-- Extracted material follows --

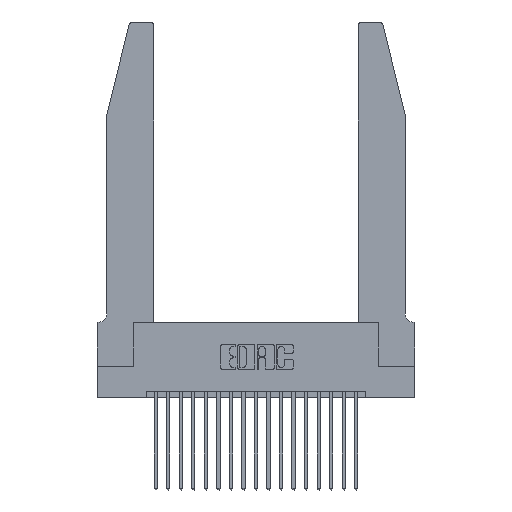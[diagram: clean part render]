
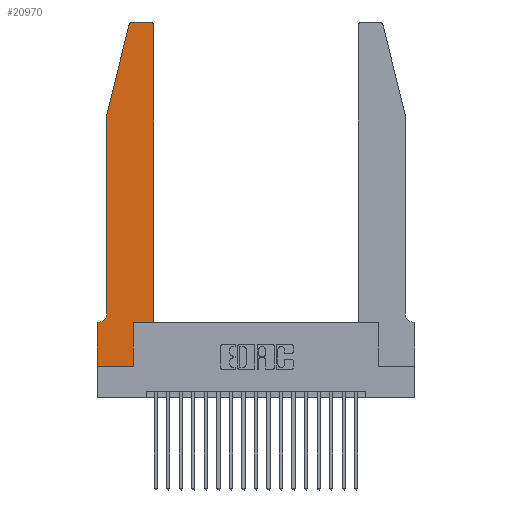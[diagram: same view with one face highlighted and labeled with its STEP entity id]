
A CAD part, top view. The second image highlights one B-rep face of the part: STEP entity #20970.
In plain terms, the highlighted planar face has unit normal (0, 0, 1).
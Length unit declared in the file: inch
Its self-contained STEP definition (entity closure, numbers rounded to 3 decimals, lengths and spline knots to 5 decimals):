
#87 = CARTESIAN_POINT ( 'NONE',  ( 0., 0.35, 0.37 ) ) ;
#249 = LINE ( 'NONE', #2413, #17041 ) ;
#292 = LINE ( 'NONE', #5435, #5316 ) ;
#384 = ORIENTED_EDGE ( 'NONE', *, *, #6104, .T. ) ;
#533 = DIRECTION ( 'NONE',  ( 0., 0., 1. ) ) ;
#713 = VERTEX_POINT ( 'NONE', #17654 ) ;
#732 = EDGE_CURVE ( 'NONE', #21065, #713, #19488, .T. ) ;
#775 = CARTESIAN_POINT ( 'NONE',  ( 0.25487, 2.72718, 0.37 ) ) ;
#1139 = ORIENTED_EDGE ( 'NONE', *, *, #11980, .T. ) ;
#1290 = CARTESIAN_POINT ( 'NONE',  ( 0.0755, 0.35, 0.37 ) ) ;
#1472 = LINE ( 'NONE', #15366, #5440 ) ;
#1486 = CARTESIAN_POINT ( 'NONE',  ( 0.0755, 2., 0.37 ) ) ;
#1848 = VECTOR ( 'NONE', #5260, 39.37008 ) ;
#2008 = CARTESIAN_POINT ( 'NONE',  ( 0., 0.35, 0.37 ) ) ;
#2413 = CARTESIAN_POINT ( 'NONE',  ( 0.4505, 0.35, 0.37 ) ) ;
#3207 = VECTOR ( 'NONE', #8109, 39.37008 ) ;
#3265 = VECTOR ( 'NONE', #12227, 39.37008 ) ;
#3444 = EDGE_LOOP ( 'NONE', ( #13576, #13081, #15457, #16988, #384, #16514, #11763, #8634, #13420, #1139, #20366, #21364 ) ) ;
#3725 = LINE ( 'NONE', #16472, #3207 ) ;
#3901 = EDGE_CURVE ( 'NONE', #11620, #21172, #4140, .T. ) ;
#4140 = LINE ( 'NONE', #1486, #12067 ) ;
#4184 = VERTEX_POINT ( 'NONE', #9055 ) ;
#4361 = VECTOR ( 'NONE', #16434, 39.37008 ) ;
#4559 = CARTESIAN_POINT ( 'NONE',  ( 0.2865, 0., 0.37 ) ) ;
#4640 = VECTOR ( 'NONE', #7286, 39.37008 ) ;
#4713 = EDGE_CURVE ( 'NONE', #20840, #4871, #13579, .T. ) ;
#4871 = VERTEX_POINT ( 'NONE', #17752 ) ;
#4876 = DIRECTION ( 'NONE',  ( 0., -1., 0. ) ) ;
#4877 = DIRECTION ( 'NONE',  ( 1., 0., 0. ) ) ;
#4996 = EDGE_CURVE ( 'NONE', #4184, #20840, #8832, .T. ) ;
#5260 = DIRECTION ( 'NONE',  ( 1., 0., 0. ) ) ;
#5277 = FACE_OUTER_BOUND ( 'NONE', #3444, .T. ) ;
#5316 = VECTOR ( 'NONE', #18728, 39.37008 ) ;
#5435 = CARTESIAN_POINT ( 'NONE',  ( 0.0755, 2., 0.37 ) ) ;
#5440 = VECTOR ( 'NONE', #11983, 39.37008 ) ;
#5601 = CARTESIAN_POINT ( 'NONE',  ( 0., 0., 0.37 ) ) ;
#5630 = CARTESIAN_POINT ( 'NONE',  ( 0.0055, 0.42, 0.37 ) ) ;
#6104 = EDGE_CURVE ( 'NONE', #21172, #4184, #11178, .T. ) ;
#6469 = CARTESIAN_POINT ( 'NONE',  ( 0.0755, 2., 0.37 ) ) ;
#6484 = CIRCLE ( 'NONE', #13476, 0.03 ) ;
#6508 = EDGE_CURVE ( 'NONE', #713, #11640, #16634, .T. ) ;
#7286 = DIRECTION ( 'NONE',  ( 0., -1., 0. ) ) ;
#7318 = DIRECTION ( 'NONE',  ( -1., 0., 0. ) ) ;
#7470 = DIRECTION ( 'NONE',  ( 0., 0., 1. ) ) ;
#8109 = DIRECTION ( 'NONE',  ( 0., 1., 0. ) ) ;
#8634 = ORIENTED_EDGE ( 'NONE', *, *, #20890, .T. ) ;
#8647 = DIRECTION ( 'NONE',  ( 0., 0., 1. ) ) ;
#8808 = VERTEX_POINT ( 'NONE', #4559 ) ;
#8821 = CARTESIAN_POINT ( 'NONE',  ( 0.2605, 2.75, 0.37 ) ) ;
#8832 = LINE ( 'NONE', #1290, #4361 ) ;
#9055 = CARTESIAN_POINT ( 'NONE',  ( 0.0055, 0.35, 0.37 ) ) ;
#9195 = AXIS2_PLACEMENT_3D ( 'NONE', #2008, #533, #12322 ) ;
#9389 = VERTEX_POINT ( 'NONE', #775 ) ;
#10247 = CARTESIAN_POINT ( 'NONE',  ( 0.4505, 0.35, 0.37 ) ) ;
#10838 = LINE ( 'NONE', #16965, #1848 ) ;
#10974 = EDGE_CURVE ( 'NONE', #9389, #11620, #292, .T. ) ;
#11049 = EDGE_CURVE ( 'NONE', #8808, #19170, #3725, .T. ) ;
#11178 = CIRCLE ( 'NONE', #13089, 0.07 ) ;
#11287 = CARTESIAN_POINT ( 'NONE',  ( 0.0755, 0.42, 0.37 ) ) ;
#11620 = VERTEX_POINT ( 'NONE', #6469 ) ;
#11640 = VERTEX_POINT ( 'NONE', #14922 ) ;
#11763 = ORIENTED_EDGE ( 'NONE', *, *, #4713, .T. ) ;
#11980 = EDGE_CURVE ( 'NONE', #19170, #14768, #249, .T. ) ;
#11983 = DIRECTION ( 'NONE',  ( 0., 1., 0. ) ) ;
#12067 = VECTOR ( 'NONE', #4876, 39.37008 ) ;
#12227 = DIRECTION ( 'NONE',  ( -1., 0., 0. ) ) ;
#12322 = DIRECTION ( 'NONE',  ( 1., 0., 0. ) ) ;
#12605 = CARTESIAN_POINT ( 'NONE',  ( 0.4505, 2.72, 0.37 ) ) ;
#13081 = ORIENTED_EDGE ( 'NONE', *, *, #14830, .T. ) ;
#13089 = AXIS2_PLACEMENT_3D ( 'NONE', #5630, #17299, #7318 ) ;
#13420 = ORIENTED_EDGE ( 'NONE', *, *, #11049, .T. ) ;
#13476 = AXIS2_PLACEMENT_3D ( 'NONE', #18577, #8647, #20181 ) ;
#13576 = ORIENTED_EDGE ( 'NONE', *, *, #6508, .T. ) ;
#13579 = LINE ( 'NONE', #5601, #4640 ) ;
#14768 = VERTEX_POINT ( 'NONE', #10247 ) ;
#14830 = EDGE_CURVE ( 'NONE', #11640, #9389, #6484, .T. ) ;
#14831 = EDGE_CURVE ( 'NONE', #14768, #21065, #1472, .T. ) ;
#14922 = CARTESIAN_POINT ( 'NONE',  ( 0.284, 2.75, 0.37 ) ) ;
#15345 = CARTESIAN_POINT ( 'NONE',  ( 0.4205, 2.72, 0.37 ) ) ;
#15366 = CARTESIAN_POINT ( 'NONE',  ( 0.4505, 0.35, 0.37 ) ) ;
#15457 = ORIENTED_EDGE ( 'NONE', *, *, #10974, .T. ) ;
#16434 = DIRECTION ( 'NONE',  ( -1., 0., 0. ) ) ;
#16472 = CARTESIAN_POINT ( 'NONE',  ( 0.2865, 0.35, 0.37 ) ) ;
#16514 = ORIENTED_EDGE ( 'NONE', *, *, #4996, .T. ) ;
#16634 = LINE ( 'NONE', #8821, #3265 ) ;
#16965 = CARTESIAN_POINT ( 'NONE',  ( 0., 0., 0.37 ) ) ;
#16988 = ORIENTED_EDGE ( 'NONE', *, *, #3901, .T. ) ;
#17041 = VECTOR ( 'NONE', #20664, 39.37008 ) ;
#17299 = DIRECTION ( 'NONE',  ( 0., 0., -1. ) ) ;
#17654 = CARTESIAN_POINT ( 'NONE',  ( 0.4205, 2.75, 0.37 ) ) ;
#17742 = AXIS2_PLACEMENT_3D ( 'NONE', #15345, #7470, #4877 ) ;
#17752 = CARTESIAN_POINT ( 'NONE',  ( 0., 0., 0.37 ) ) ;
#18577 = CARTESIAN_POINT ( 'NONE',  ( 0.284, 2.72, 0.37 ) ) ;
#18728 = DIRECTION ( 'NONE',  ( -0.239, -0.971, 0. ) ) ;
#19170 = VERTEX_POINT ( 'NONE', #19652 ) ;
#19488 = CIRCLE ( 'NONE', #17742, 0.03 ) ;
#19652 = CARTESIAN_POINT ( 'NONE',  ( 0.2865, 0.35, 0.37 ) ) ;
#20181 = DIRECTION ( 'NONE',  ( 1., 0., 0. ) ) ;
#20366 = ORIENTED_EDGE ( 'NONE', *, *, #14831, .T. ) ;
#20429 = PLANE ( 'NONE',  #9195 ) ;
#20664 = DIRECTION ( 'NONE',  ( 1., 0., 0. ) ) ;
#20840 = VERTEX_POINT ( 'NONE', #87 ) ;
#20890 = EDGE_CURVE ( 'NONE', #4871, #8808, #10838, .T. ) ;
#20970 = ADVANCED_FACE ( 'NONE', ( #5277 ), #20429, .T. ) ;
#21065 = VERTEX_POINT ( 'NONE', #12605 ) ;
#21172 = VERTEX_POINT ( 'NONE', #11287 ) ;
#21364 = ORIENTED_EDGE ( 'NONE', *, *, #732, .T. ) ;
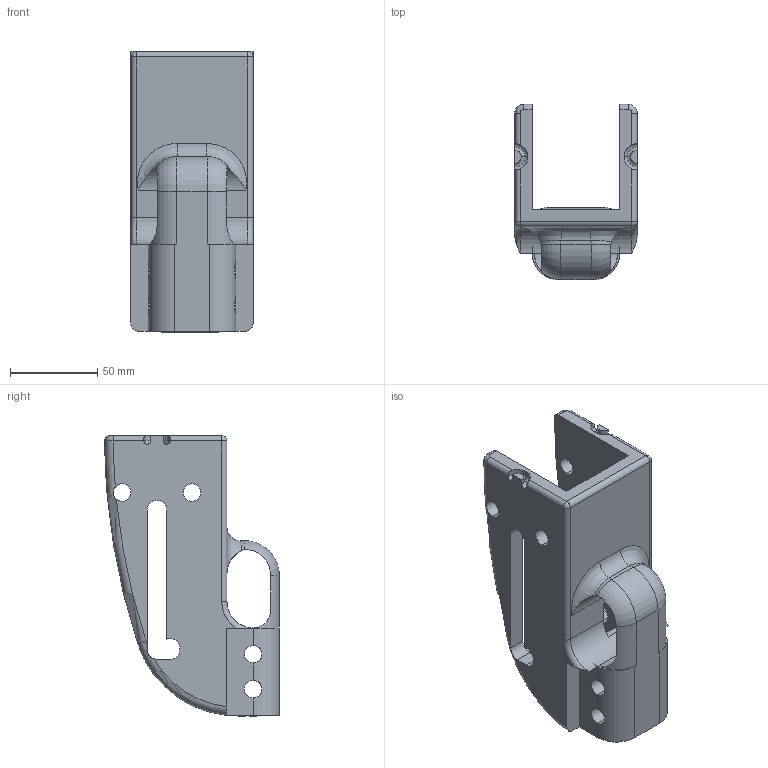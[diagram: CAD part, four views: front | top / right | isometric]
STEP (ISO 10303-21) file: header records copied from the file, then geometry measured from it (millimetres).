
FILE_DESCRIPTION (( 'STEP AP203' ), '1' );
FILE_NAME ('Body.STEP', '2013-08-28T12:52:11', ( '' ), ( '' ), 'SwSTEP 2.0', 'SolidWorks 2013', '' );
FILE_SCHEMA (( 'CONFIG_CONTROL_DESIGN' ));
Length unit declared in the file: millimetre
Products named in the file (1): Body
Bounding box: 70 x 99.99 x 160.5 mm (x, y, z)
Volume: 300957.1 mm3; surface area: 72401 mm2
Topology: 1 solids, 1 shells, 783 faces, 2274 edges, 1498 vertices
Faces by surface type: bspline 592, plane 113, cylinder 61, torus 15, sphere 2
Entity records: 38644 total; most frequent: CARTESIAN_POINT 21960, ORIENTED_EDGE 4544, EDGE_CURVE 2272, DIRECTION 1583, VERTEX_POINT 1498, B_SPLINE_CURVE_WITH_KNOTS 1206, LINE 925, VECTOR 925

-- Extracted material concluded --

**Work task:** Make an exact copy of the records from their first line through the line containing "#249 = LINE ( 'NONE', #2413, #17041 ) ;", both ends included, with the pictures omitted.

**Task solution:**
[diagram: clean part render]
[diagram: same view with one face highlighted and labeled with its STEP entity id]
A CAD part, top view. The second image highlights one B-rep face of the part: STEP entity #20970.
In plain terms, the highlighted planar face has unit normal (0, 0, 1).
Length unit declared in the file: inch
Its self-contained STEP definition (entity closure, numbers rounded to 3 decimals, lengths and spline knots to 5 decimals):
#87 = CARTESIAN_POINT ( 'NONE',  ( 0., 0.35, 0.37 ) ) ;
#249 = LINE ( 'NONE', #2413, #17041 ) ;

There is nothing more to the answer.